> [EXERCISE DETAILS]:
Look below for the line that contains "doc.layers.add('16', color=174, linetype='CONTINUOUS')", then copy it and each following line exactly, through and including the line that contains "blk = doc.blocks.new('RECT')".

[Source data]
+===+
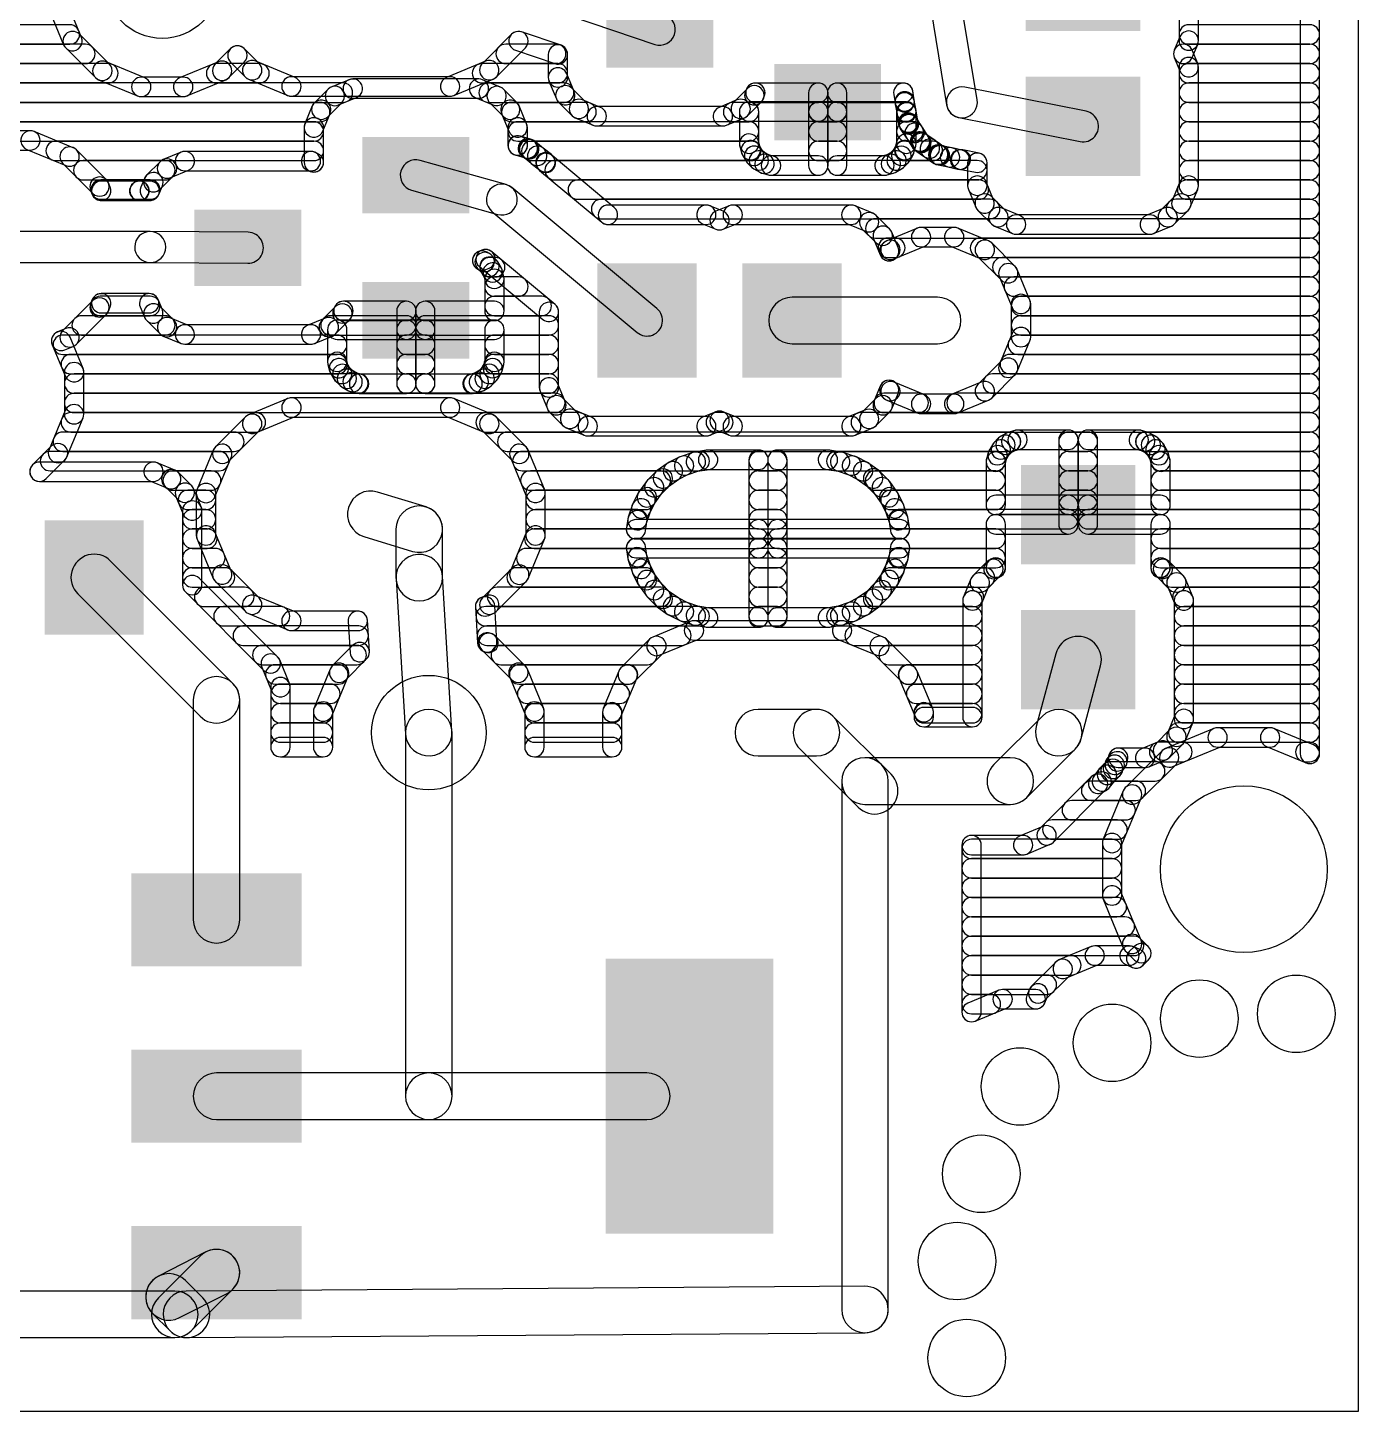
# Model space of a CAD drawing. Extents: x 0 to 96, y 0 to 55.
# Drawn here: x 78.56 to 96, y 0 to 18.12 of the extents above; entities that cross this region are included whole.
import ezdxf

# ---------------------------------------------------------------- set-up
doc = ezdxf.new("R2010")
doc.units = 0
doc.layers.add('16', color=174, linetype='CONTINUOUS')
doc.layers.add('20', color=178, linetype='CONTINUOUS')

# ---------------------------------------------------------------- blocks, each defined once
blk = doc.blocks.new('RECT')
blk.add_solid([(-0.5, -0.5), (0.5, -0.5), (-0.5, 0.5), (0.5, 0.5)])
blk = doc.blocks.new('PIE')
blk.add_circle((0, 0), 0.5)

msp = doc.modelspace()

# ---------------------------------------------------------------- linework, layer by layer
at = {"layer": '16'}
for points in [[(95.238, 54.365), (95.238, 8.6112, 1), (95.492, 8.6112), (95.492, 54.365, 1)], [(93.9045, 17.9537), (93.9045, 19.5063, 1), (93.6505, 19.5063), (93.6505, 17.9537, 1)], [(91.0055, 17.1779), (90.693, 19.0804, 1), (90.292, 19.0146), (90.6045, 17.1121, 1)], [(86.9128, 18.2899), (84.9903, 18.9424, 1), (84.8597, 18.5576), (86.7822, 17.9051, 1)], [(78.8252, 18.4084), (79.036, 17.8994, 1), (79.2707, 17.9966), (79.0598, 18.5056, 1)], [(76.4573, 17.907), (79.1177, 17.907, 1), (79.1177, 18.161), (76.4573, 18.161, 1)], [(93.7775, 17.907), (95.365, 17.907, 1), (95.365, 18.161), (93.7775, 18.161, 1)], [(79.0636, 17.8582), (79.4532, 17.4686, 1), (79.6328, 17.6482), (79.2432, 18.0378, 1)], [(84.7031, 17.4759), (85.0856, 17.8583, 1), (84.906, 18.0379), (84.5235, 17.6555, 1)], [(84.9549, 17.8279), (85.4717, 17.6525, 1), (85.5533, 17.893), (85.0366, 18.0684, 1)], [(93.8229, 17.7314), (93.8948, 17.9051, 1), (93.6602, 18.0023), (93.5882, 17.8286, 1)], [(76.2537, 17.653), (79.3213, 17.653, 1), (79.3213, 17.907), (76.2537, 17.907, 1)], [(81.2018, 17.4686), (81.4028, 17.6695, 1), (81.2232, 17.8491), (81.0222, 17.6482, 1)], [(81.2232, 17.6695), (81.4169, 17.4759, 1), (81.5965, 17.6555), (81.4028, 17.8491, 1)], [(84.8277, 17.653), (85.4911, 17.653, 1), (85.4911, 17.907), (84.8277, 17.907, 1)], [(85.3855, 17.7727), (85.3855, 17.4712, 1), (85.6395, 17.4712), (85.6395, 17.7727, 1)], [(93.8948, 17.6549), (93.8229, 17.8286, 1), (93.5882, 17.7314), (93.6602, 17.5577, 1)], [(93.7056, 17.653), (95.365, 17.653, 1), (95.365, 17.907), (93.7056, 17.907, 1)], [(75.9539, 17.399), (79.6211, 17.399, 1), (79.6211, 17.653), (75.9539, 17.653, 1)], [(79.4944, 17.441), (80.0034, 17.2302, 1), (80.1006, 17.4648), (79.5916, 17.6757, 1)], [(80.6516, 17.2302), (81.1606, 17.441, 1), (81.0634, 17.6757), (80.5544, 17.4648, 1)], [(81.0339, 17.399), (81.6025, 17.399, 1), (81.6025, 17.653), (81.0339, 17.653, 1)], [(81.4581, 17.4483), (81.9715, 17.2357, 1), (82.0687, 17.4703), (81.5553, 17.683, 1)], [(84.1485, 17.2357), (84.6619, 17.4483, 1), (84.5647, 17.683), (84.0513, 17.4703, 1)], [(84.5175, 17.399), (85.5125, 17.399, 1), (85.5125, 17.653), (84.5175, 17.653, 1)], [(85.3952, 17.4226), (85.4918, 17.1892, 1), (85.7265, 17.2864), (85.6298, 17.5198, 1)], [(93.9045, 16.0537), (93.9045, 17.6063, 1), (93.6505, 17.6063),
+===+
> [SOLUTION TO THIS EXERCISE]:
doc.layers.add('16', color=174, linetype='CONTINUOUS')
doc.layers.add('20', color=178, linetype='CONTINUOUS')

# ---------------------------------------------------------------- blocks, each defined once
blk = doc.blocks.new('RECT')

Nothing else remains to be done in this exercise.